Elle expliqua à Angélique que dans une maison bien conditionnée on devait trouver parmi les domestiques, tous les ordres de l'état : le clergé, dans la personne des aumôniers et des précepteurs, la noblesse avec le gentilhomme, l'écuyer, les pages ou suivantes, la bourgeoisie avec l'intendant, le maître d'hôtel, les valets de chambre, le chef cuisinier, enfin le peuple : foule de laquais et servantes, garçons d'office et de cuisine, postillons et palefreniers. Mme du Plessis ne possédait pas un train digne de sa réputation et de son rang. Mme de Choisy ne demandait qu'à l'aider. Elle espérait que la jeune marquise avait assez de sérieux pour ne pas oublier de veiller à ce que ses gens de maison fassent leurs prières matin et soir et reçoivent régulièrement les sacrements.
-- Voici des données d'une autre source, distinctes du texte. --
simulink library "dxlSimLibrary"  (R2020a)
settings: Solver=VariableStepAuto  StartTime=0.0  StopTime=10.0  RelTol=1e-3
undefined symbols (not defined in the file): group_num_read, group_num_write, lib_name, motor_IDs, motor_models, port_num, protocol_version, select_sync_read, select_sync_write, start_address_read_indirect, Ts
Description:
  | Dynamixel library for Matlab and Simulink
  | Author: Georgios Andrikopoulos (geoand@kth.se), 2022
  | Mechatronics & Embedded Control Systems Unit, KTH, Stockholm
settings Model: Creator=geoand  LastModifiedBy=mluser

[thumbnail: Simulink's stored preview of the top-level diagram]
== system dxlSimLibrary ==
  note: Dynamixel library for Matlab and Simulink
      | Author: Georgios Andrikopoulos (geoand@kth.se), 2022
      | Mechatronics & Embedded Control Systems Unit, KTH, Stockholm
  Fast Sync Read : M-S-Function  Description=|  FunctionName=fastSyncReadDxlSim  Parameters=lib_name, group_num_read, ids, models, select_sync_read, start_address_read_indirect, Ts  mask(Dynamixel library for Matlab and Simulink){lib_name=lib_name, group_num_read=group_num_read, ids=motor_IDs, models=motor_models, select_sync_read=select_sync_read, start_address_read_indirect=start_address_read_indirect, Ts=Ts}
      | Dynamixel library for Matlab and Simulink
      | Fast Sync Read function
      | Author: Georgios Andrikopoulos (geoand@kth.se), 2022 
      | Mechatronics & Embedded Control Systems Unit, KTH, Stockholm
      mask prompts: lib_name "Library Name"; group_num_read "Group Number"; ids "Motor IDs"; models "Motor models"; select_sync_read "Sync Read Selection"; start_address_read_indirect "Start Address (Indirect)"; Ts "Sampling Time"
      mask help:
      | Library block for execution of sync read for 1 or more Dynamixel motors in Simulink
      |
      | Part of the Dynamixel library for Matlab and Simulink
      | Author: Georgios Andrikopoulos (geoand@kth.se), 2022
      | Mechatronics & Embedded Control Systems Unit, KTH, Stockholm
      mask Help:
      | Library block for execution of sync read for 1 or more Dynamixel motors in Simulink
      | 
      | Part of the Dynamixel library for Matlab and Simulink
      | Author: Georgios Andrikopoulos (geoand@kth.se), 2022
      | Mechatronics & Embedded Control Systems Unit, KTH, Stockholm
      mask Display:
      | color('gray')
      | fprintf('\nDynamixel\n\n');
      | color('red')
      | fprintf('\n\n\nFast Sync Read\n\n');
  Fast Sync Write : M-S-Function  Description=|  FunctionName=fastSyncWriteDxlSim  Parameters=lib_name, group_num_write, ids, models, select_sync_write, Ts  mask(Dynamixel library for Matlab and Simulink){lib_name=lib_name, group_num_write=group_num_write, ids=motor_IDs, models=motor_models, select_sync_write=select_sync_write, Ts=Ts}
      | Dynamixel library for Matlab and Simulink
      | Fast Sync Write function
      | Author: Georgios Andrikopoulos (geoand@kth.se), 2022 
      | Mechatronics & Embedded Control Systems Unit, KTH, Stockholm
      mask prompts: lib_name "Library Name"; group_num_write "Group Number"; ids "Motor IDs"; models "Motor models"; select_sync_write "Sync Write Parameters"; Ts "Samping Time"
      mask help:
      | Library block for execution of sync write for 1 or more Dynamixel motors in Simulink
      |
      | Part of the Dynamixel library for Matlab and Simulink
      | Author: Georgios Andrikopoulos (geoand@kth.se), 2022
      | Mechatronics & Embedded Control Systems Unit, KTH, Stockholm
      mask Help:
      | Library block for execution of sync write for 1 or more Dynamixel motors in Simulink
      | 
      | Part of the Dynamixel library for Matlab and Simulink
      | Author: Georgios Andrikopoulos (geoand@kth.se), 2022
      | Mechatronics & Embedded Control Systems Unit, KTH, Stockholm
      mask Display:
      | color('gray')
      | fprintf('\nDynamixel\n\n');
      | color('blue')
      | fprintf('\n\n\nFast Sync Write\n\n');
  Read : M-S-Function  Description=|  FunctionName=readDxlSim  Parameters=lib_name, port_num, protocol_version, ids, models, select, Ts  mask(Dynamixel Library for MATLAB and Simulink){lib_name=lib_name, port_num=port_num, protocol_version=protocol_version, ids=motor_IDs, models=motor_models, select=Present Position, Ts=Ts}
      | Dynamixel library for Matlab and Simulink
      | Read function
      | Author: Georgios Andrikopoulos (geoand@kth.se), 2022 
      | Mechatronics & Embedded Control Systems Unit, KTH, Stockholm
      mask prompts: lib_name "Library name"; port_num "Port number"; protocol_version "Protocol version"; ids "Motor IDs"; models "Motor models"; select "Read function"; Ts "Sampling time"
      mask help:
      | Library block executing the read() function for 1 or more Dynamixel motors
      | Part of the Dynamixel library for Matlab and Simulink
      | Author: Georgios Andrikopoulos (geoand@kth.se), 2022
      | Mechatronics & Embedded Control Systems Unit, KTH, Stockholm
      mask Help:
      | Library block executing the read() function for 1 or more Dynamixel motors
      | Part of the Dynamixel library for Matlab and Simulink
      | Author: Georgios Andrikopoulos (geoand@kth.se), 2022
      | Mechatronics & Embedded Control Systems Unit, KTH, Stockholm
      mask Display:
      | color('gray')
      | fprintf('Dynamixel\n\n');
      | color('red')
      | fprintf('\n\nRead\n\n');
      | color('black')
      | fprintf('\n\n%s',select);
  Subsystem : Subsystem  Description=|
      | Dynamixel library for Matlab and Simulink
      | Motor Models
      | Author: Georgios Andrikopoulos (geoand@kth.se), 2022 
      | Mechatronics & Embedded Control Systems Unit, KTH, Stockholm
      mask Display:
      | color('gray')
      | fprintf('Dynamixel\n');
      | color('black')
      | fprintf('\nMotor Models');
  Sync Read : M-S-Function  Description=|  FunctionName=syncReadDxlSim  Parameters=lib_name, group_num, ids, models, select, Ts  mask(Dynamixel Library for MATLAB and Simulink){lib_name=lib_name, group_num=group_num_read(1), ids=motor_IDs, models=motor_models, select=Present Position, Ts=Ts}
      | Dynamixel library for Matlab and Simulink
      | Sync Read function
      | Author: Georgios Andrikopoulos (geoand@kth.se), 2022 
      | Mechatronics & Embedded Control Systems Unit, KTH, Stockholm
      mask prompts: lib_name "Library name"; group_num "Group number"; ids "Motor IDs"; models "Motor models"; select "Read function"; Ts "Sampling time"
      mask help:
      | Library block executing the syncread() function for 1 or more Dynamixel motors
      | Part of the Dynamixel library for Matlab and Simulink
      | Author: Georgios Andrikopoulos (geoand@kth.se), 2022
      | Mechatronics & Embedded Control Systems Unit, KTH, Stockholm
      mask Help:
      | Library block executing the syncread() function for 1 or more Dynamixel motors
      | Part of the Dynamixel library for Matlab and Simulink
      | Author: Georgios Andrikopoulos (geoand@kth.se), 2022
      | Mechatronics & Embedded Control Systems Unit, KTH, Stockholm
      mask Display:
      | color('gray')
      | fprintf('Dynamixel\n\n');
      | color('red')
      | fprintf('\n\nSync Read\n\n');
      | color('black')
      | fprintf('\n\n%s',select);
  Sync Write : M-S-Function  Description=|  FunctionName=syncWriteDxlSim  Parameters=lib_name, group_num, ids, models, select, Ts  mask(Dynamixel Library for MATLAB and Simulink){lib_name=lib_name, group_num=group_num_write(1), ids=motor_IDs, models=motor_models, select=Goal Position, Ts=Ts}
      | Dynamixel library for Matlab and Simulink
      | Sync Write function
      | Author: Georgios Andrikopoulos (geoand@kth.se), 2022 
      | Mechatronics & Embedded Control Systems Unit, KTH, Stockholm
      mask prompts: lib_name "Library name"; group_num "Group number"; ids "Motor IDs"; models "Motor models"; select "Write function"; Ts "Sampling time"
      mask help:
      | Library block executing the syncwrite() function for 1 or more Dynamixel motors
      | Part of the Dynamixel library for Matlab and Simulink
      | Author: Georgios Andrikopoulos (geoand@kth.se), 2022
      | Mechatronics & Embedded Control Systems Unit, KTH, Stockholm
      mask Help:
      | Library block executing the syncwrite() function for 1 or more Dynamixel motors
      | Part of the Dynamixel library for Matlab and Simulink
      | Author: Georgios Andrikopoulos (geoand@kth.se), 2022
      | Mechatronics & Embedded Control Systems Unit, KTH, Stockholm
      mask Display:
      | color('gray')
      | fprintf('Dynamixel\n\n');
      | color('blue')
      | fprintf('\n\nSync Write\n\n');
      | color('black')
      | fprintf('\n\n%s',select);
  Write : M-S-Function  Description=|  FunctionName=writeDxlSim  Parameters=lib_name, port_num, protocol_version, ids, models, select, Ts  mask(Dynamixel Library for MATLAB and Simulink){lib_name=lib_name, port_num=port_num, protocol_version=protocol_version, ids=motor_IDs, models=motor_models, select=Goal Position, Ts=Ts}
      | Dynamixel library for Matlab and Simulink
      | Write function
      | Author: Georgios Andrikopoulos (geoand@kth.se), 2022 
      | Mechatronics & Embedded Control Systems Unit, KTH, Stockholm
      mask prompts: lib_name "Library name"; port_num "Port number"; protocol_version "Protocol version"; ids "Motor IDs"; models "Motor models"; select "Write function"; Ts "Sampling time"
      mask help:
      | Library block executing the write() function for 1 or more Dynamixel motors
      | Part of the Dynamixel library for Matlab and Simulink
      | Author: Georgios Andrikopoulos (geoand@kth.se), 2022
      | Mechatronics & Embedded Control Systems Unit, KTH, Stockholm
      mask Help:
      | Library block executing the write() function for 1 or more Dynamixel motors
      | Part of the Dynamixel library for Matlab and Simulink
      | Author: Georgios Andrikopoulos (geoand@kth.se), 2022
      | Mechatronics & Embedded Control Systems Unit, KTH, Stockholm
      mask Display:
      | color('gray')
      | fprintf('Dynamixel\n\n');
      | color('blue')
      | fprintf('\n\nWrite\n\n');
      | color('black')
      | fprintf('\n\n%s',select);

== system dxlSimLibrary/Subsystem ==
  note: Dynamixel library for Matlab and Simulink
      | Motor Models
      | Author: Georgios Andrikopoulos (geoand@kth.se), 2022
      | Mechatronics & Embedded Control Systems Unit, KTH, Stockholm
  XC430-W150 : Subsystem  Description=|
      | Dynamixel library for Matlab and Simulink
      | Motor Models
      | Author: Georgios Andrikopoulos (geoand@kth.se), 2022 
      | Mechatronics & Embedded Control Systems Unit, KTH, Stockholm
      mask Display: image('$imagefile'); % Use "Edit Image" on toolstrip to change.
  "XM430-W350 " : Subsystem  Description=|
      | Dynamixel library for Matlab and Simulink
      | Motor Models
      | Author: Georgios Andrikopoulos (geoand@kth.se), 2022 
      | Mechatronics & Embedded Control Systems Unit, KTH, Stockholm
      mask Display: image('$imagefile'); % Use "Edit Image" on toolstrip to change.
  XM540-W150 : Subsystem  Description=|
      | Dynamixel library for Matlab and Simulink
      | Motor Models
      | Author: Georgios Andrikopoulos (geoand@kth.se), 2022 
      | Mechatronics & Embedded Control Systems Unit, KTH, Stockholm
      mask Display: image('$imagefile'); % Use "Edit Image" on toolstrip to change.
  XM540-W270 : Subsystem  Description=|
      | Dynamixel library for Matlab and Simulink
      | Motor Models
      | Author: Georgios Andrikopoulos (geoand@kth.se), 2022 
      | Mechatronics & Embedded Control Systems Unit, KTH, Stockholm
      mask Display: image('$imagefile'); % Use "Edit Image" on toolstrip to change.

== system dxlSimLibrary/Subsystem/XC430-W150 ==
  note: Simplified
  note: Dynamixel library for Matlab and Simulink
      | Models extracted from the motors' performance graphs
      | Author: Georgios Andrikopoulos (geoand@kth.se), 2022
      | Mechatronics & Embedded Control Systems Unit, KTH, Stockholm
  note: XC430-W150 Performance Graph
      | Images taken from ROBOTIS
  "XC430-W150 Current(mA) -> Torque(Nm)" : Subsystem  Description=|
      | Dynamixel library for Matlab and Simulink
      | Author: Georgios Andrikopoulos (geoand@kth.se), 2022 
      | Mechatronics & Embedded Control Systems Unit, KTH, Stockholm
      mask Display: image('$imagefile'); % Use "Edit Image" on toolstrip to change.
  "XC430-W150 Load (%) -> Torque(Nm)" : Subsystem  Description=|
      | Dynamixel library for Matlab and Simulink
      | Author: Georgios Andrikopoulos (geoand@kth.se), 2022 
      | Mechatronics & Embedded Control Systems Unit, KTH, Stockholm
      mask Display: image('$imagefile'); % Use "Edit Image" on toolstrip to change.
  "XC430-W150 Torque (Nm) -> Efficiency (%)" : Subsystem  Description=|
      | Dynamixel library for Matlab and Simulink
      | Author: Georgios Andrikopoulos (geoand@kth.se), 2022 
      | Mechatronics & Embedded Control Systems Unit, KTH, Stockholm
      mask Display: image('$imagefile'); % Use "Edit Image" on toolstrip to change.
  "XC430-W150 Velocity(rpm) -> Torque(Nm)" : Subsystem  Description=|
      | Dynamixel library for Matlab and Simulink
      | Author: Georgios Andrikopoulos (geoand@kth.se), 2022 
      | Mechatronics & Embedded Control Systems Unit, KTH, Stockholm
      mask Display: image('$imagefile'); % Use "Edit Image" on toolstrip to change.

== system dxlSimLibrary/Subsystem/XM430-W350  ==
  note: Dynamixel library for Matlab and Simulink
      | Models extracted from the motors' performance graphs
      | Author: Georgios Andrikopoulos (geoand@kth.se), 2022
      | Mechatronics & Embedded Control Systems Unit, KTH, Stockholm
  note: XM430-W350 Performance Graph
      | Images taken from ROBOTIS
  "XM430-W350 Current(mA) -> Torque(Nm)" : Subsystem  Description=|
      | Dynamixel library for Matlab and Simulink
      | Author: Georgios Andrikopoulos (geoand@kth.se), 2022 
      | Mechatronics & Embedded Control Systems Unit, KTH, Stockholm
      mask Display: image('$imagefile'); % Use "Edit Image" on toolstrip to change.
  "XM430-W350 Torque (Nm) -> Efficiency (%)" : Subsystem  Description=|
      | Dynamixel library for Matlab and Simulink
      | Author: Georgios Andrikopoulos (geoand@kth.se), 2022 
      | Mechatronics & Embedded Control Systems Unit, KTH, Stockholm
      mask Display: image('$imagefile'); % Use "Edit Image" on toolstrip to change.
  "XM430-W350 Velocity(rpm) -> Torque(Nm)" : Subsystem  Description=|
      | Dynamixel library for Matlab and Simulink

Angélique n'avait pas encore réussi à démêler le rôle joué par Mme de Choisy à Fontainebleau. Celle-ci avait-elle fait du zèle en interprétant à tort les ordres du roi ? Alors qu'elle paraissait indignée, voici qu'aujourd'hui elle débordait d'obligeance. C'était une dame qui avait dépassé la quarantaine, mais dont les yeux avaient encore « du feu » et le sourire du charme. Il y avait cependant en elle quelque chose qui refroidissait l'amitié. La valetaille racontait volontiers que sa maison était une espèce de conciergerie. Dès qu'une fille était entrée chez elle, elle n'en pouvait plus sortir ; elle les faisait travailler et les châtiait rudement. Son suisse n'osait ouvrir la porte sans son ordre, et pour avoir enfreint la consigne une fois il avait été fouetté. Elle avait fait donner les étrivières à une servante, qui avait failli en mourir. On disait aussi qu'elle avait fait donner le fouet à son propre mari, mais qu'elle en avait eu un tel repentir que, pour faire pénitence, elle était allée se mettre jusqu'au cou dans un marais.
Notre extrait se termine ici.